TASK ITEM:
Scan the lines below for "image" and copy the matches.

GIVEN INFORMATION:
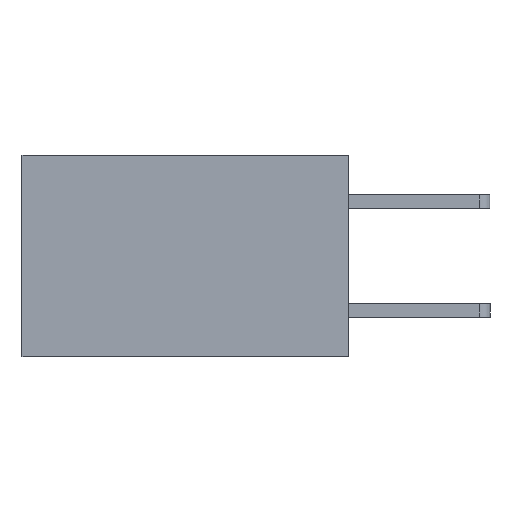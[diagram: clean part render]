
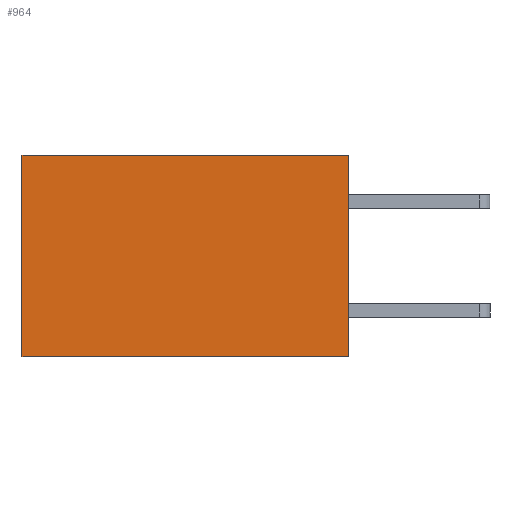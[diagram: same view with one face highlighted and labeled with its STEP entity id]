
A CAD part, left-side view. The second image highlights one B-rep face of the part: STEP entity #964.
In plain terms, the highlighted planar face has unit normal (-1, 0, 0).
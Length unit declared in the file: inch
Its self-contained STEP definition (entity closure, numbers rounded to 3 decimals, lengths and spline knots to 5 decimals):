
#23 = EDGE_CURVE ( 'NONE', #6005, #1128, #96, .T. ) ;
#94 = VECTOR ( 'NONE', #7147, 39.37008 ) ;
#96 = LINE ( 'NONE', #3399, #6644 ) ;
#163 = DIRECTION ( 'NONE',  ( 0., 0., -1. ) ) ;
#301 = ORIENTED_EDGE ( 'NONE', *, *, #23, .T. ) ;
#419 = LINE ( 'NONE', #507, #6933 ) ;
#507 = CARTESIAN_POINT ( 'NONE',  ( 0.2615, 0., -0.37 ) ) ;
#953 = LINE ( 'NONE', #7964, #5655 ) ;
#964 = ADVANCED_FACE ( 'NONE', ( #4731 ), #5069, .F. ) ;
#1128 = VERTEX_POINT ( 'NONE', #6040 ) ;
#1950 = LINE ( 'NONE', #7153, #94 ) ;
#2148 = EDGE_CURVE ( 'NONE', #2897, #3986, #1950, .T. ) ;
#2151 = ORIENTED_EDGE ( 'NONE', *, *, #2357, .T. ) ;
#2291 = DIRECTION ( 'NONE',  ( 0., 1., 0. ) ) ;
#2357 = EDGE_CURVE ( 'NONE', #1128, #3986, #953, .T. ) ;
#2380 = CARTESIAN_POINT ( 'NONE',  ( 0.2615, 0., 0. ) ) ;
#2897 = VERTEX_POINT ( 'NONE', #3572 ) ;
#3363 = EDGE_CURVE ( 'NONE', #6005, #2897, #419, .T. ) ;
#3399 = CARTESIAN_POINT ( 'NONE',  ( 0.2615, 0., 0. ) ) ;
#3572 = CARTESIAN_POINT ( 'NONE',  ( 0.2615, 0., -0.37 ) ) ;
#3714 = ORIENTED_EDGE ( 'NONE', *, *, #2148, .F. ) ;
#3986 = VERTEX_POINT ( 'NONE', #5722 ) ;
#4681 = DIRECTION ( 'NONE',  ( 0., 0., -1. ) ) ;
#4707 = AXIS2_PLACEMENT_3D ( 'NONE', #4969, #4709, #4681 ) ;
#4709 = DIRECTION ( 'NONE',  ( 1., 0., 0. ) ) ;
#4731 = FACE_OUTER_BOUND ( 'NONE', #7754, .T. ) ;
#4969 = CARTESIAN_POINT ( 'NONE',  ( 0.2615, 0., -0.37 ) ) ;
#5069 = PLANE ( 'NONE',  #4707 ) ;
#5655 = VECTOR ( 'NONE', #6660, 39.37008 ) ;
#5722 = CARTESIAN_POINT ( 'NONE',  ( 0.2615, 0.6, -0.37 ) ) ;
#6005 = VERTEX_POINT ( 'NONE', #2380 ) ;
#6040 = CARTESIAN_POINT ( 'NONE',  ( 0.2615, 0.6, 0. ) ) ;
#6644 = VECTOR ( 'NONE', #2291, 39.37008 ) ;
#6660 = DIRECTION ( 'NONE',  ( 0., 0., -1. ) ) ;
#6833 = ORIENTED_EDGE ( 'NONE', *, *, #3363, .F. ) ;
#6933 = VECTOR ( 'NONE', #163, 39.37008 ) ;
#7147 = DIRECTION ( 'NONE',  ( 0., 1., 0. ) ) ;
#7153 = CARTESIAN_POINT ( 'NONE',  ( 0.2615, 0., -0.37 ) ) ;
#7754 = EDGE_LOOP ( 'NONE', ( #2151, #3714, #6833, #301 ) ) ;
#7964 = CARTESIAN_POINT ( 'NONE',  ( 0.2615, 0.6, -0.37 ) ) ;
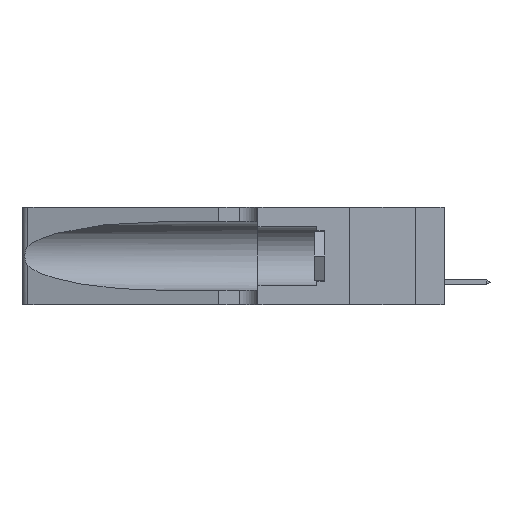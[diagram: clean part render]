
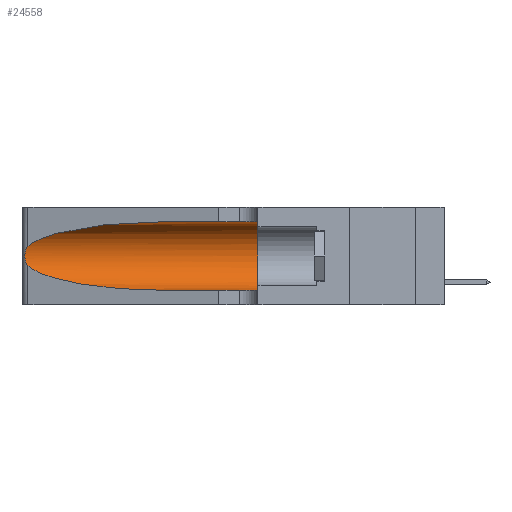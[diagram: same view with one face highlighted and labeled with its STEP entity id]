
A CAD part, left-side view. The second image highlights one B-rep face of the part: STEP entity #24558.
In plain terms, the highlighted cylindrical face has radius 3.308 mm (diameter 6.617 mm), a partial arc.
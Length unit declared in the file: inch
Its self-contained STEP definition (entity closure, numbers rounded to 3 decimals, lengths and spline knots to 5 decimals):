
#830 = CARTESIAN_POINT ( 'NONE',  ( 0.26017, 1.23833, 0.17102 ) ) ;
#1282 = CARTESIAN_POINT ( 'NONE',  ( 0.18966, 0.96281, 0.05475 ) ) ;
#1574 = ORIENTED_EDGE ( 'NONE', *, *, #28122, .T. ) ;
#1807 = LINE ( 'NONE', #9940, #14302 ) ;
#2654 = CARTESIAN_POINT ( 'NONE',  ( 0.25487, 1.22718, 0.22369 ) ) ;
#2684 = CARTESIAN_POINT ( 'NONE',  ( 0.1305, 0.72297, 0.31525 ) ) ;
#3043 = CARTESIAN_POINT ( 'NONE',  ( 0.25639, 1.23184, 0.21858 ) ) ;
#3171 = VERTEX_POINT ( 'NONE', #2654 ) ;
#3336 = CARTESIAN_POINT ( 'NONE',  ( 0.25487, 1.22718, 0.14631 ) ) ;
#3384 = CARTESIAN_POINT ( 'NONE',  ( 0.2373, 1.15595, 0.08982 ) ) ;
#3443 = EDGE_LOOP ( 'NONE', ( #24372, #1574, #9719, #25222, #13346, #23017 ) ) ;
#4505 = LINE ( 'NONE', #24090, #28157 ) ;
#5192 = EDGE_CURVE ( 'NONE', #20480, #19340, #1807, .T. ) ;
#6453 = CYLINDRICAL_SURFACE ( 'NONE', #16585, 0.13025 ) ;
#6495 = VERTEX_POINT ( 'NONE', #13832 ) ;
#7353 = CARTESIAN_POINT ( 'NONE',  ( 0.25487, 1.22718, 0.22369 ) ) ;
#7524 = CARTESIAN_POINT ( 'NONE',  ( 0.1305, 0.35, 0.31525 ) ) ;
#7906 = CARTESIAN_POINT ( 'NONE',  ( 0.25787, 1.23484, 0.2124 ) ) ;
#8798 = EDGE_CURVE ( 'NONE', #21358, #14800, #10531, .T. ) ;
#9142 = CARTESIAN_POINT ( 'NONE',  ( 0.1305, 0.72297, 0.05475 ) ) ;
#9212 = B_SPLINE_CURVE_WITH_KNOTS ( 'NONE', 3,
 ( #26073, #26267, #3043, #7906, #21532, #12199, #17017, #28362, #830, #28265, #14502, #12308, #12504, #3336 ),
 .UNSPECIFIED., .F., .F.,
 ( 4, 2, 2, 2, 2, 2, 4 ),
 ( 0., 0.00027, 0.00053, 0.00107, 0.0016, 0.00187, 0.00214 ),
 .UNSPECIFIED. ) ;
#9719 = ORIENTED_EDGE ( 'NONE', *, *, #8798, .T. ) ;
#9940 = CARTESIAN_POINT ( 'NONE',  ( 0.1305, 1.61858, 0.31525 ) ) ;
#10531 =( BOUNDED_CURVE ( )  B_SPLINE_CURVE ( 3, ( #28603, #3384, #1282, #19255 ),
 .UNSPECIFIED., .F., .F. ) 
 B_SPLINE_CURVE_WITH_KNOTS ( ( 4, 4 ),
 ( 3.44316, 4.71239 ),
 .UNSPECIFIED. ) 
 CURVE ( )  GEOMETRIC_REPRESENTATION_ITEM ( )  RATIONAL_B_SPLINE_CURVE ( ( 1., 0.87, 0.87, 1. ) ) 
 REPRESENTATION_ITEM ( '' )  );
#10562 = CARTESIAN_POINT ( 'NONE',  ( 0.1305, 0.35, 0.185 ) ) ;
#12199 = CARTESIAN_POINT ( 'NONE',  ( 0.26018, 1.23835, 0.19895 ) ) ;
#12308 = CARTESIAN_POINT ( 'NONE',  ( 0.25639, 1.23186, 0.15144 ) ) ;
#12427 = DIRECTION ( 'NONE',  ( 0., -1., 0. ) ) ;
#12504 = CARTESIAN_POINT ( 'NONE',  ( 0.25555, 1.22993, 0.14849 ) ) ;
#12521 = CARTESIAN_POINT ( 'NONE',  ( 0.25487, 1.22718, 0.14631 ) ) ;
#13346 = ORIENTED_EDGE ( 'NONE', *, *, #29495, .F. ) ;
#13832 = CARTESIAN_POINT ( 'NONE',  ( 0.1305, 0.35, 0.05475 ) ) ;
#13991 = CARTESIAN_POINT ( 'NONE',  ( 0.1305, 1.61858, 0.185 ) ) ;
#14302 = VECTOR ( 'NONE', #12427, 39.37008 ) ;
#14502 = CARTESIAN_POINT ( 'NONE',  ( 0.25789, 1.23486, 0.15765 ) ) ;
#14800 = VERTEX_POINT ( 'NONE', #9142 ) ;
#16561 = CARTESIAN_POINT ( 'NONE',  ( 0.2373, 1.15595, 0.28018 ) ) ;
#16585 = AXIS2_PLACEMENT_3D ( 'NONE', #13991, #20884, #22518 ) ;
#16748 = CARTESIAN_POINT ( 'NONE',  ( 0.18966, 0.96281, 0.31525 ) ) ;
#17017 = CARTESIAN_POINT ( 'NONE',  ( 0.26075, 1.23896, 0.19203 ) ) ;
#18661 = CARTESIAN_POINT ( 'NONE',  ( 0.1305, 0.72297, 0.31525 ) ) ;
#19255 = CARTESIAN_POINT ( 'NONE',  ( 0.1305, 0.72297, 0.05475 ) ) ;
#19340 = VERTEX_POINT ( 'NONE', #7524 ) ;
#20480 = VERTEX_POINT ( 'NONE', #2684 ) ;
#20588 = CIRCLE ( 'NONE', #28386, 0.13025 ) ;
#20712 = EDGE_CURVE ( 'NONE', #14800, #6495, #4505, .T. ) ;
#20884 = DIRECTION ( 'NONE',  ( 0., -1., 0. ) ) ;
#21358 = VERTEX_POINT ( 'NONE', #12521 ) ;
#21532 = CARTESIAN_POINT ( 'NONE',  ( 0.25854, 1.2359, 0.20912 ) ) ;
#22518 = DIRECTION ( 'NONE',  ( 0., 0., -1. ) ) ;
#23017 = ORIENTED_EDGE ( 'NONE', *, *, #5192, .F. ) ;
#23437 = EDGE_CURVE ( 'NONE', #20480, #3171, #27807, .T. ) ;
#24090 = CARTESIAN_POINT ( 'NONE',  ( 0.1305, 1.61858, 0.05475 ) ) ;
#24372 = ORIENTED_EDGE ( 'NONE', *, *, #23437, .T. ) ;
#24558 = ADVANCED_FACE ( 'NONE', ( #28309 ), #6453, .F. ) ;
#25222 = ORIENTED_EDGE ( 'NONE', *, *, #20712, .T. ) ;
#26073 = CARTESIAN_POINT ( 'NONE',  ( 0.25487, 1.22718, 0.22369 ) ) ;
#26267 = CARTESIAN_POINT ( 'NONE',  ( 0.25555, 1.22994, 0.2215 ) ) ;
#26697 = DIRECTION ( 'NONE',  ( 0., 1., 0. ) ) ;
#27807 =( BOUNDED_CURVE ( )  B_SPLINE_CURVE ( 3, ( #18661, #16748, #16561, #7353 ),
 .UNSPECIFIED., .F., .T. ) 
 B_SPLINE_CURVE_WITH_KNOTS ( ( 4, 4 ),
 ( 1.5708, 2.84003 ),
 .UNSPECIFIED. ) 
 CURVE ( )  GEOMETRIC_REPRESENTATION_ITEM ( )  RATIONAL_B_SPLINE_CURVE ( ( 1., 0.87, 0.87, 1. ) ) 
 REPRESENTATION_ITEM ( '' )  );
#28122 = EDGE_CURVE ( 'NONE', #3171, #21358, #9212, .T. ) ;
#28157 = VECTOR ( 'NONE', #28912, 39.37008 ) ;
#28265 = CARTESIAN_POINT ( 'NONE',  ( 0.25856, 1.23593, 0.16098 ) ) ;
#28309 = FACE_OUTER_BOUND ( 'NONE', #3443, .T. ) ;
#28362 = CARTESIAN_POINT ( 'NONE',  ( 0.26075, 1.23896, 0.178 ) ) ;
#28386 = AXIS2_PLACEMENT_3D ( 'NONE', #10562, #26697, #28902 ) ;
#28603 = CARTESIAN_POINT ( 'NONE',  ( 0.25487, 1.22718, 0.14631 ) ) ;
#28902 = DIRECTION ( 'NONE',  ( 0., 0., 1. ) ) ;
#28912 = DIRECTION ( 'NONE',  ( 0., -1., 0. ) ) ;
#29495 = EDGE_CURVE ( 'NONE', #19340, #6495, #20588, .T. ) ;

RESPONSE AREA:
A CAD part, left-side view. The second image highlights one B-rep face of the part: STEP entity #964.
A CAD part, left-side view. The second image highlights one B-rep face of the part: STEP entity #24558.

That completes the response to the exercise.